However, on the whole, parents of babies with CF were keen to share the positive NBS results with family and friends. This is in stark contrast to parents of babies with SCD of whom the majority discussed the importance of not disclosing their child’s NBS results with others including family members. For many, this was culturally motivated and stemmed from a fear of the reactions of others and associated social stigma and the perception that recipients of the news would pity them. Comments included fearing that people would look at their child differently, that people would mock them, talk about them and feel sorry for them when the parents preferred not to dwell on the outcome of the NBS result.

I don’t want them [family] to know because the way they’re going to take it. I don’t want people looking at her saying she’s not a healthy child. ‘If someone knows about it then they will feel pity…I can’t really explain…but, I just know that the way they’re going to be looking at her, it’s not going to be like normal child that hasn’t got anything.’

Mum of Child 2

Parents cited examples of their experiences of friends and relatives with SCD when they had lived in or visited Africa. They commented that these experiences often tainted the views of relatives still living in Africa who held a very bleak outlook in relation to those with SCD and in their opinion, did not appreciate the differences between the African and UK health care systems. Parents also described a fear that relatives and friends would hold misconceptions about SCD in relation to life expectancy and the side effects of medications.

She [mother in law] was saying, ‘He’s going to be sick all the time, he’s going to be this, he’s not this.’ All this negative force...she was saying ‘Sickle cell is sickle cell.’...‘Penicillin is going to make his penis go in, he’s not going to perform.’

Mum of Child 1

Parents also expressed concern for their child’s future as a result of sharing their positive NBS results. Their fears particularly focussed on who their child would marry once other people in the community knew given the social stigma surrounding the SCD diagnosis and who would care for their child in the future.

‘I start thinking that how is she going to get married and everything, because people where we come from, seeing people with sickle cell, they will say, ‘Don’t marry her.’ I’ve started thinking that is she going to have a normal life? Will she find someone that she’s going to love, that’s going to take her home?’ Mum of Baby 2

Therefore, the fear of stigmatisation related to the positive NBS result for SCD often lead to parents withholding the information from family or friends or only sharing it on a need to know basis (for example, child care settings and relevant HPs).

Theme 5: Impact of the Screening Process on Parental Relationships

Receiving the positive NBS result for CF had the potential to impact on parental relationships. Some parents reported difficulties that stemmed from the baby’s mother informing the baby’s father of the positive NBS result and therefore while the health visitor was seen as being the bearer of bad news for the mother, the mother was seen as having a similar role when she had to deliver the news to the father. Parents also commented that they felt that finding out their child had CF had caused arguments between them.

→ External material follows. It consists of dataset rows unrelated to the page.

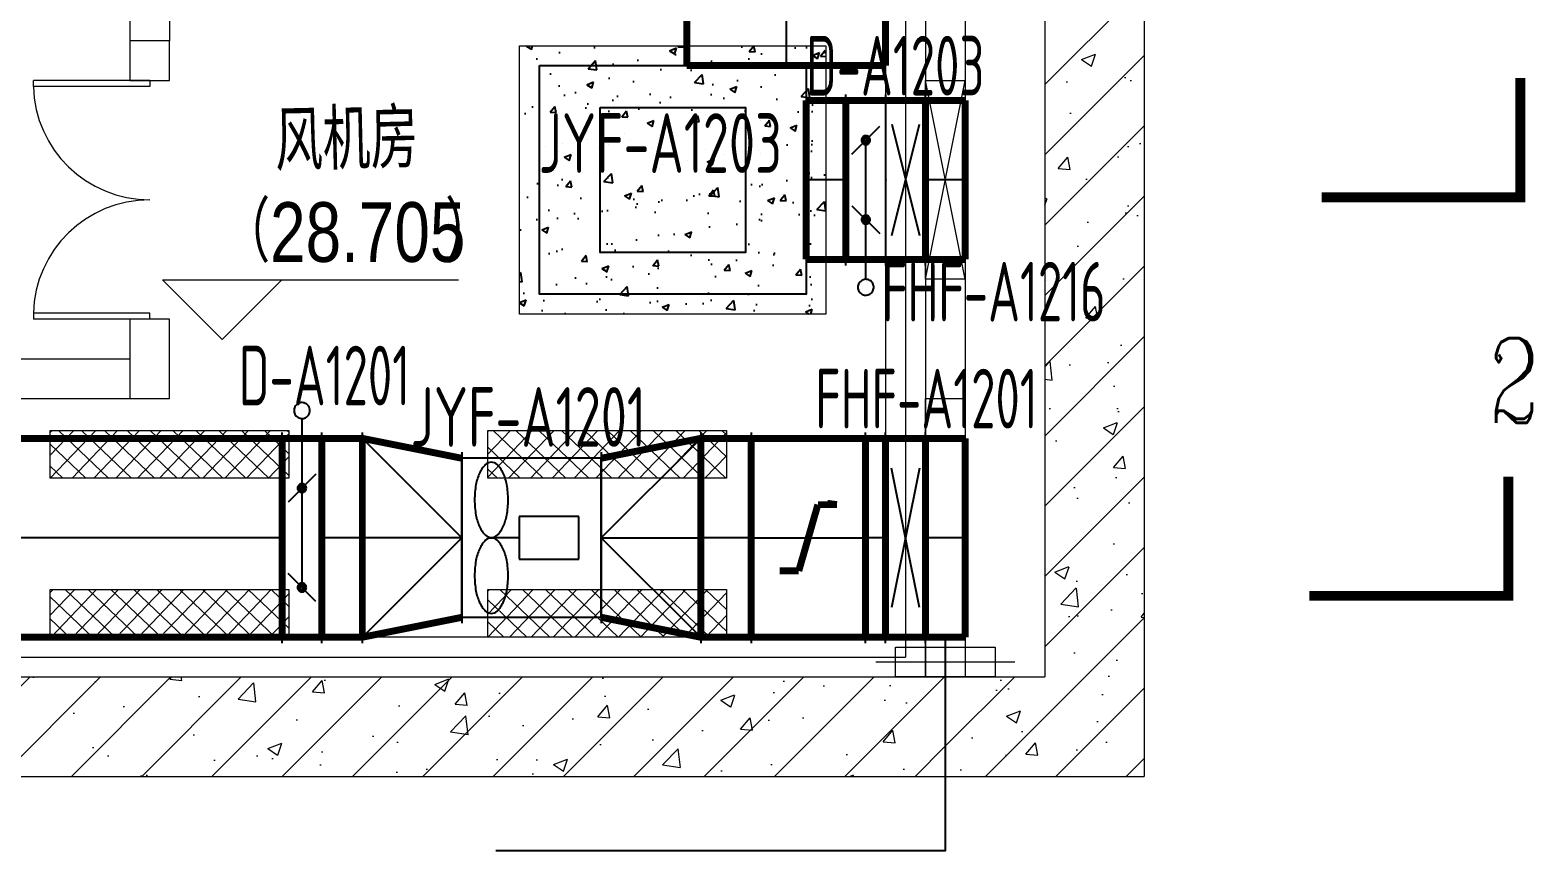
# Model space of a CAD drawing. Extents: x 4 to 13611208, y -605838 to 574722.
# Drawn here: x 13130598 to 13138148, y 437073 to 441202 of the extents above; entities that cross this region are included whole.
import ezdxf

# ---------------------------------------------------------------- set-up
doc = ezdxf.new("R2010")
doc.units = 0
doc.header["$LTSCALE"] = 1000
doc.header["$MEASUREMENT"] = 0
doc.linetypes.add('CENTER2', pattern=[28.575, 19.05, -3.175, 3.175, -3.175])
for name, color, linetype, lineweight in [('1-扶梯', 8, 'Continuous', 5), ('1-预埋件-扶梯', 8, 'Continuous', 5), ('COLUMN', 8, 'Continuous', 5), ('DIM_ELEV', 3, 'Continuous', 5), ('DIM_IDEN', 3, 'Continuous', 5), ('PUB_HATCH', 8, 'Continuous', 5), ('WALL', 2, 'Continuous', 5), ('WINDOW', 8, 'Continuous', 5), ('预埋件', 8, 'Continuous', 5)]:
    doc.layers.add(name, color=color, linetype=linetype, lineweight=lineweight)
for name, color, linetype in [('DIM_LEAD', 3, 'Continuous'), ('DIM_SYMB', 3, 'Continuous'), ('DUCT-X-S中心线', 5, 'CENTER2'), ('DUCT-X-S标注', 7, 'Continuous'), ('DUCT-X-S法兰', 4, 'Continuous'), ('DUCT-X-S管', 3, 'Continuous'), ('DUCT-X-S管端线', 4, 'Continuous'), ('DUCT-X-S管设备', 7, 'Continuous'), ('DUCT-X-S阀门', 7, 'Continuous'), ('PUB_TEXT', 8, 'Continuous')]:
    doc.layers.add(name, color=color, linetype=linetype)
doc.styles.add('67', font='gbenor.shx', dxfattribs={"width": 0.7, "bigfont": 'hztxt.shx'})
doc.styles.add('_TCH_LABEL', font='COMPLEX', dxfattribs={"bigfont": 'GBCBIG'})
doc.styles.add('C', font='HZTXT_E', dxfattribs={"width": 0.7, "bigfont": 'HZTXT'})
doc.styles.add('du', font='gbenor.shx', dxfattribs={"width": 0.8, "bigfont": 'hztxt.shx'})
pattern_1 = [(46.331827, (12193539.57, 678699.2), (-57.41597, 54.8069065), []), (136.331827, (12193539.57, 678699.2), (-54.8069065, -57.41597), [])]
pattern_2 = [(45, (12643385.47, -383019.32), (-176.776695, 176.776695), []), (50, (12643385.5, -383019.3), (717.2602, -62.75213), [75, -825]), (355, (12643385.5, -383019.3), (-138.75133, 752.19213), [60, -660]), (100.4514, (12643445.25, -383024.54), (578.5094, 689.43954), [63.7402, -701.1421]), (46.1842, (12643385.5, -382819.3), (1067.24105, -165.519), [112.5, -1237.5]), (96.6356, (12643474.4, -382833.1), (934.6627, 974.1179), [95.6103, -1051.713]), (351.1842, (12643385.5, -382819.3), (934.662, 974.1186), [90, -990]), (21, (12643485.5, -382869.3), (596.90705, -402.6189), [75, -825]), (326, (12643485.5, -382869.3), (243.31533, 725.15005), [60, -660]), (71.4514, (12643535.2, -382902.9), (840.22263, 322.5305), [63.7402, -701.1421]), (37.5, (12643385.47, -383019.32), (12.159855, 332.893854), [0, -652, 0, -670, 0, -662.5]), (7.5, (12643385.47, -383019.3), (263.06954, 394.41171), [0, -382, 0, -637, 0, -252.5]), (327.5, (12643162.47, -383019.32), (533.822436, -22.55487), [0, -250, 0, -780, 0, -1035]), (317.5, (12643062.47, -383019.3), (583.18617, 100.10498), [0, -325, 0, -518, 0, -735])]

# ---------------------------------------------------------------- blocks, each defined once
blk = doc.blocks.new('dxg')
at = {"layer": '预埋件', "color": 8}
blk.add_line((12400099.7, -4150605.3), (12400799.7, -4150605.3), dxfattribs=at)
blk.add_lwpolyline([(12400199.7, -4150680.3), (12400199.7, -4150530.3), (12400699.7, -4150530.3), (12400699.7, -4150680.3), (12400199.7, -4150680.3)], dxfattribs=at)
blk = doc.blocks.new('$DorLib2D$00000002')
for p, q in [((-0.5, 0), (-0.5, 0.4875)), ((-0.475, 0.4875), (-0.5, 0.4875)), ((-0.475, 0), (-0.475, 0.4875)), ((0.475, 0), (0.475, 0.4875)), ((0.475, 0.4875), (0.5, 0.4875)), ((0.5, 0), (0.5, 0.4875)), ((-0.5, 0), (-0.475, 0)), ((0.5, 0), (0.475, 0))]:
    blk.add_line(p, q)
at = {"lineweight": 13}
for centre, start, end in [((-0.4875, 0), 0, 88.53072), ((0.4875, 0), 91.46928, 180)]:
    blk.add_arc(centre, 0.4875, start, end, dxfattribs=at)
blk = doc.blocks.new('$轴流风机$00000011')
for p, q in [((-500, 500), (-500, -500)), ((500, 500), (-500, 500)), ((500, -500), (500, 500)), ((-339.5, 134.7), (-339.5, -134.7)), ((88, 134.7), (-339.5, 134.7)), ((88, -134.7), (88, 134.7)), ((88, 0), (288.5, 0)), ((-339.5, -134.7), (88, -134.7)), ((-500, -500), (500, -500))]:
    blk.add_line(p, q)
for centre, radius, start, end in [((288.5, 410.5), 64.8, 90, 129.18213), ((288.5, 410.5), 64.8, 50.81787, 90), ((462.4, 274.2), 290.7, 153.06034, 168.11261), ((355.1, 328.7), 170.3, 129.18213, 153.06034), ((221.9, 328.7), 170.3, 26.93966, 50.81787), ((114.5, 274.2), 290.7, 11.88739, 26.93966), ((633.1, 238.3), 465, 168.11261, 180), ((-56.1, 238.3), 465, 0, 11.88739), ((633.1, 238.3), 465, 180, 191.88739), ((-56.1, 238.3), 465, 348.11261, 0), ((462.4, 202.4), 290.7, 191.88739, 206.93966), ((114.5, 202.4), 290.7, 333.06034, 348.11261), ((355.1, 147.8), 170.3, 206.93966, 230.81787), ((288.5, 66.1), 64.8, 230.81787, 270), ((288.5, 66.1), 64.8, 270, 309.18213), ((221.9, 147.8), 170.3, 309.18213, 333.06034), ((462.4, -202.4), 290.7, 153.06034, 168.11261), ((355.1, -147.8), 170.3, 129.18213, 153.06034), ((288.5, -66.1), 64.8, 90, 129.18213), ((288.5, -66.1), 64.8, 50.81787, 90), ((221.9, -147.8), 170.3, 26.93966, 50.81787), ((114.5, -202.4), 290.7, 11.88739, 26.93966), ((633.1, -238.3), 465, 168.11261, 180), ((-56.1, -238.3), 465, 0, 11.88739), ((633.1, -238.3), 465, 180, 191.88739), ((-56.1, -238.3), 465, 348.11261, 0), ((462.4, -274.2), 290.7, 191.88739, 206.93966), ((114.5, -274.2), 290.7, 333.06034, 348.11261), ((355.1, -328.7), 170.3, 206.93966, 230.81787), ((288.5, -410.5), 64.8, 230.81787, 270), ((288.5, -410.5), 64.8, 270, 309.18213), ((221.9, -328.7), 170.3, 309.18213, 333.06034)]:
    blk.add_arc(centre, radius, start, end)
for p in [(-500, 0), (500, 0)]:
    blk.add_point(p)

msp = doc.modelspace()

# ---------------------------------------------------------------- hatches: boundary and pattern name
at = {"layer": '1-扶梯', "lineweight": 0}
h = msp.add_hatch(dxfattribs=at)
h.set_pattern_fill('ANSI37', color=8, scale=50, angle=1.33183, style=0)
h.set_pattern_definition(pattern_1)
h.paths.add_polyline_path([(13130698.8, 439187.7), (13131898.8, 439187.7), (13131898.8, 438947.7), (13130698.8, 438947.7)])
h = msp.add_hatch(dxfattribs=at)
h.set_pattern_fill('ANSI37', color=8, scale=50, angle=1.33183, style=0)
h.set_pattern_definition(pattern_1)
h.paths.add_polyline_path([(13132898.8, 439187.7), (13134098.8, 439187.7), (13134098.8, 438947.7), (13132898.8, 438947.7)])
h = msp.add_hatch(dxfattribs=at)
h.set_pattern_fill('ANSI37', color=8, scale=50, angle=1.33183, style=0)
h.set_pattern_definition(pattern_1)
h.paths.add_polyline_path([(13130698.8, 438387.7), (13131898.8, 438387.7), (13131898.8, 438147.7), (13130698.8, 438147.7)])
h = msp.add_hatch(dxfattribs=at)
h.set_pattern_fill('ANSI37', color=8, scale=50, angle=1.33183, style=0)
h.set_pattern_definition(pattern_1)
h.paths.add_polyline_path([(13132898.8, 438387.7), (13134098.8, 438387.7), (13134098.8, 438147.7), (13132898.8, 438147.7)])
at = {"layer": 'DUCT-X-S管设备'}
h = msp.add_hatch(dxfattribs=at)
h.set_pattern_fill('混凝土', color=256, scale=50, angle=1.33183, style=0)
h.set_pattern_definition([(51.331827, (12193539.57, 678699.2), (359.26247, -23.03207), [37.5, -412.5]), (356.331827, (12193539.57, 678699.2), (-78.0984, 374.38199), [30, -330]), (101.783227, (12193569.5, 678697.3), (281.16434, 351.3497), [31.8701, -350.57106]), (47.516027, (12193537.25, 678799.18), (535.39992, -70.33439), [56.25, -618.75]), (97.967427, (12193581.86, 678793.3), (455.88456, 497.78938), [47.80514, -525.8565]), (352.516027, (12193537.25, 678799.2), (455.88417, 497.78974), [45, -495]), (22.331827, (12193587.82, 678775.34), (303.05187, -194.31821), [37.5, -412.5]), (327.331827, (12193587.8, 678775.34), (113.19759, 365.30472), [30, -330]), (72.783227, (12193613.07, 678759.15), (416.24959, 170.98619), [31.8701, -350.57106]), (38.831827, (12193539.57, 678699.2), (2.209615, 166.543275), [0, -326, 0, -335, 0, -331.25]), (8.831827, (12193539.57, 678699.2), (126.915645, 200.2098), [0, -191, 0, -318.5, 0, -126.25]), (328.831827, (12193428.1, 678696.61), (267.10123, -5.07066), [0, -125, 0, -390, 0, -517.5]), (318.831827, (12193378.12, 678695.45), (290.35096, 56.81637), [0, -162.5, 0, -259, 0, -367.5])])
h.paths.add_polyline_path([(13134599.1, 441122.7), (13133059.1, 441122.7), (13133059.1, 439772.7), (13134599.1, 439772.7)])
at = {"layer": 'PUB_HATCH'}
h = msp.add_hatch(dxfattribs=at)
h.set_pattern_fill('钢筋混凝土', color=8, scale=100, style=0)
h.set_pattern_definition(pattern_2)
h.paths.add_polyline_path([(13136199.1, 444947.7), (13135699.1, 444447.7), (13135699.1, 437947.7), (13136199.1, 437447.7)])
h = msp.add_hatch(dxfattribs=at)
h.set_pattern_fill('钢筋混凝土', color=8, scale=100, style=0)
h.set_pattern_definition(pattern_2)
h.paths.add_polyline_path([(13129449.1, 437614.4), (13129699.1, 437447.7), (13135199.1, 437447.7), (13135199.1, 437947.7), (13129449.1, 437947.7)])
h = msp.add_hatch(dxfattribs=at)
h.set_pattern_fill('钢筋混凝土', color=8, scale=100, style=0)
h.set_pattern_definition(pattern_2)
h.paths.add_polyline_path([(13135199.1, 437947.7), (13135199.1, 437447.7), (13136199.1, 437447.7), (13135699.1, 437947.7)])

# ---------------------------------------------------------------- linework, layer by layer
at = {"layer": '1-扶梯', "color": 8}
for p, q in [((13134899.1, 441697.7), (13134899.1, 438147.7)), ((13134899.1, 438147.7), (13128999.1, 438147.7)), ((13129099.1, 438047.7), (13134999.1, 438047.7))]:
    msp.add_line(p, q, dxfattribs=at)
msp.add_lwpolyline([(13128699.1, 444347.7), (13134999.1, 444347.7), (13134999.1, 438047.7)], dxfattribs=at)
at = {"layer": '1-预埋件-扶梯', "color": 8}
for points in [[(13133059.1, 441122.7), (13134599.1, 441122.7), (13134599.1, 439772.7), (13133059.1, 439772.7)], [(13130698.8, 439187.7), (13131898.8, 439187.7), (13131898.8, 438947.7), (13130698.8, 438947.7)], [(13132898.8, 439187.7), (13134098.8, 439187.7), (13134098.8, 438947.7), (13132898.8, 438947.7)], [(13130698.8, 438387.7), (13131898.8, 438387.7), (13131898.8, 438147.7), (13130698.8, 438147.7)], [(13132898.8, 438387.7), (13134098.8, 438387.7), (13134098.8, 438147.7), (13132898.8, 438147.7)]]:
    msp.add_lwpolyline(points, close=True, dxfattribs=at)
at = {"layer": 'COLUMN', "color": 8}
for p, q in [((13131299.1, 441147.7), (13131099.1, 441147.7)), ((13131099.1, 441147.7), (13131099.1, 440947.7)), ((13131299.1, 440947.7), (13131299.1, 441147.7)), ((13131099.1, 440947.7), (13131299.1, 440947.7)), ((13131299.1, 439747.7), (13131099.1, 439747.7)), ((13131099.1, 439747.7), (13131099.1, 439347.7)), ((13131299.1, 439347.7), (13131299.1, 439747.7)), ((13131099.1, 439347.7), (13131299.1, 439347.7))]:
    msp.add_line(p, q, dxfattribs=at)
at = {"layer": 'DIM_ELEV', "color": 8}
for p, q in [((13131563.4, 439645.5), (13131263.4, 439945.5)), ((13131263.4, 439945.5), (13132752.3, 439945.5)), ((13131563.4, 439645.5), (13131863.4, 439945.5))]:
    msp.add_line(p, q, dxfattribs=at)
at = {"layer": 'DIM_IDEN', "color": 8}
msp.add_circle((13134689.1, 438147.7), 0, dxfattribs=at)
at = {"layer": 'DIM_SYMB', "const_width": 50}
for points in [[(13137090.6, 440359.6), (13138090.6, 440359.6), (13138090.6, 440959.6)], [(13137029.9, 438355.9), (13138029.9, 438355.9), (13138029.9, 438955.9)]]:
    msp.add_lwpolyline(points, dxfattribs=at)
at = {"layer": 'DUCT-X-S中心线'}
for p, q in [((13134399.1, 441347.3), (13134399.1, 441022.7)), ((13134699.2, 440447.7), (13134499.1, 440447.7)), ((13135299.1, 440447.7), (13135099.8, 440447.7)), ((13131864.6, 438647.7), (13129599.5, 438647.7)), ((13132268.2, 438647.7), (13132065, 438647.7)), ((13132768.4, 438647.7), (13132268.4, 438647.7)), ((13133469.2, 438647.7), (13133969.2, 438647.7)), ((13134222.6, 438647.7), (13133969.4, 438647.7)), ((13134222.8, 438647.7), (13134797.8, 438647.7)), ((13134898.7, 438647.7), (13134798, 438647.7)), ((13135299.1, 438647.7), (13135099.1, 438647.7))]:
    msp.add_line(p, q, dxfattribs=at)
at = {"layer": 'DUCT-X-S标注', "elevation": 2600}
msp.add_lwpolyline([(13135199.1, 438147.7), (13135199.1, 437072.5), (13132939.1, 437072.5)], dxfattribs=at)
at = {"layer": 'DUCT-X-S法兰'}
for p, q in [((13134699.3, 440017.7), (13134699.3, 440877.7)), ((13134899.5, 440017.7), (13134899.5, 440877.7)), ((13135099.7, 440017.7), (13135099.7, 440877.7)), ((13131864.7, 438117.7), (13131864.7, 439177.7)), ((13132064.9, 438117.7), (13132064.9, 439177.7)), ((13132268.3, 438117.7), (13132268.3, 439177.7)), ((13133969.3, 439177.7), (13133969.3, 438117.7)), ((13134222.7, 439177.7), (13134222.7, 438117.7)), ((13134797.9, 438117.7), (13134797.9, 439177.7)), ((13134898.8, 438117.7), (13134898.8, 439177.7)), ((13135099, 438117.7), (13135099, 439177.7)), ((13132768.5, 439077.7), (13132768.5, 438217.7)), ((13133469.1, 439077.7), (13133469.1, 438217.7))]:
    msp.add_line(p, q, dxfattribs=at)
at = {"layer": 'DUCT-X-S法兰', "color": 18, "true_color": 0x000000}
for p in [(13134699.2, 440447.7, 3650), (13134699.4, 440447.7, 3650), (13134899.4, 440447.7, 3650), (13134899.6, 440447.7, 3650), (13135099.6, 440447.7, 3650), (13135099.8, 440447.7, 3650), (13131864.6, 438647.7, 2450), (13131864.8, 438647.7, 2450), (13132064.8, 438647.7, 2450), (13132065, 438647.7, 2450), (13132268.2, 438647.7, 2450), (13132268.4, 438647.7, 2450), (13132768.4, 438647.7, 2450), (13132768.6, 438647.7, 2450), (13133469, 438647.7, 2450), (13133469.2, 438647.7, 2450), (13133969.2, 438647.7, 2450), (13133969.4, 438647.7, 2450), (13134222.6, 438647.7, 2450), (13134222.8, 438647.7, 2450), (13134797.8, 438647.7, 2600), (13134798, 438647.7, 2600), (13134898.7, 438647.7, 2600), (13134898.9, 438647.7, 2600), (13135098.9, 438647.7, 2600), (13135099.1, 438647.7, 2600)]:
    msp.add_point(p, dxfattribs=at)
at = {"layer": 'DUCT-X-S管'}
for p, q in [((13132768.4, 438647.7), (13132268.4, 439147.7)), ((13133469.2, 438647.7), (13133969.2, 439147.7)), ((13132768.4, 438647.7), (13132268.4, 438147.7)), ((13133469.2, 438647.7), (13133969.2, 438147.7))]:
    msp.add_line(p, q, dxfattribs=at)
at = {"layer": 'DUCT-X-S管', "const_width": 35}
for points in [[(13133899.1, 441347.3), (13133899.1, 441022.7)], [(13134899.1, 441022.7), (13134899.1, 441347.3)], [(13133899.1, 441022.7), (13134899.1, 441022.7)], [(13134699.2, 440847.7), (13134499.1, 440847.7)], [(13134499.1, 440847.7), (13134499.1, 440047.7)], [(13134699.2, 440047.7), (13134699.2, 440847.7)], [(13134699.4, 440847.7), (13134899.4, 440847.7)], [(13134899.6, 440847.7), (13135099.6, 440847.7)], [(13135299.1, 440847.7), (13135099.8, 440847.7)], [(13135099.8, 440847.7), (13135099.8, 440047.7)], [(13135299.1, 440047.7), (13135299.1, 440847.7)], [(13134499.1, 440047.7), (13134699.2, 440047.7)], [(13134899.4, 440047.7), (13134699.4, 440047.7)], [(13135099.6, 440047.7), (13134899.6, 440047.7)], [(13135099.8, 440047.7), (13135299.1, 440047.7)], [(13131864.6, 439147.7), (13129599.5, 439147.7)], [(13131864.6, 438147.7), (13131864.6, 439147.7)], [(13131864.8, 439147.7), (13132064.8, 439147.7)], [(13132268.2, 439147.7), (13132065, 439147.7)], [(13132065, 439147.7), (13132065, 438147.7)], [(13132268.2, 438147.7), (13132268.2, 439147.7)], [(13132768.4, 439047.7), (13132268.4, 439147.7)], [(13133469.2, 439047.7), (13133969.2, 439147.7)], [(13134222.6, 439147.7), (13133969.4, 439147.7)], [(13133969.4, 439147.7), (13133969.4, 438147.7)], [(13134222.6, 438147.7), (13134222.6, 439147.7)], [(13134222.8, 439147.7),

For other parents, it made them question their choice of partner and led to feelings of confusion and guilt although they indicated they had not discussed these feelings with their partner.

In the beginning I did feel, like, ‘Oh, why did we get married?’ I started thinking if I’d married someone else, I wouldn’t have had a baby with him [Father], but then I wouldn’t have him [Baby].

Mum of Child C

This effect was also highlighted by parents of babies with SCD. Often, it was the screening process that identified parents as carriers of SCD and some parents stated that had they known prior to having a child with their partner this may have influenced their decisions.

‘He’s [Dad] SC. I didn’t know initially when we started our relationship. We’d already started and it’s very difficult to stop, because, you know, when you love someone… If I knew at the start of the relationship I wouldn’t carry on. But because, I mean, like,- after like three years, that’s when I knew, so then it’s very difficult for me to pull out. ‘Mum of Baby 2

Theme 6: Future Support Strategies

When parents of babies with CF received the initial positive NBS result, they were unanimously advised by the HP delivering the news not to browse the internet but to wait until they were seen at the specialist centre the following day to have their questions answered. However, all parents used the internet almost immediately to seek information prior to their hospital appointment and found it to be a poor information source that was not helpful.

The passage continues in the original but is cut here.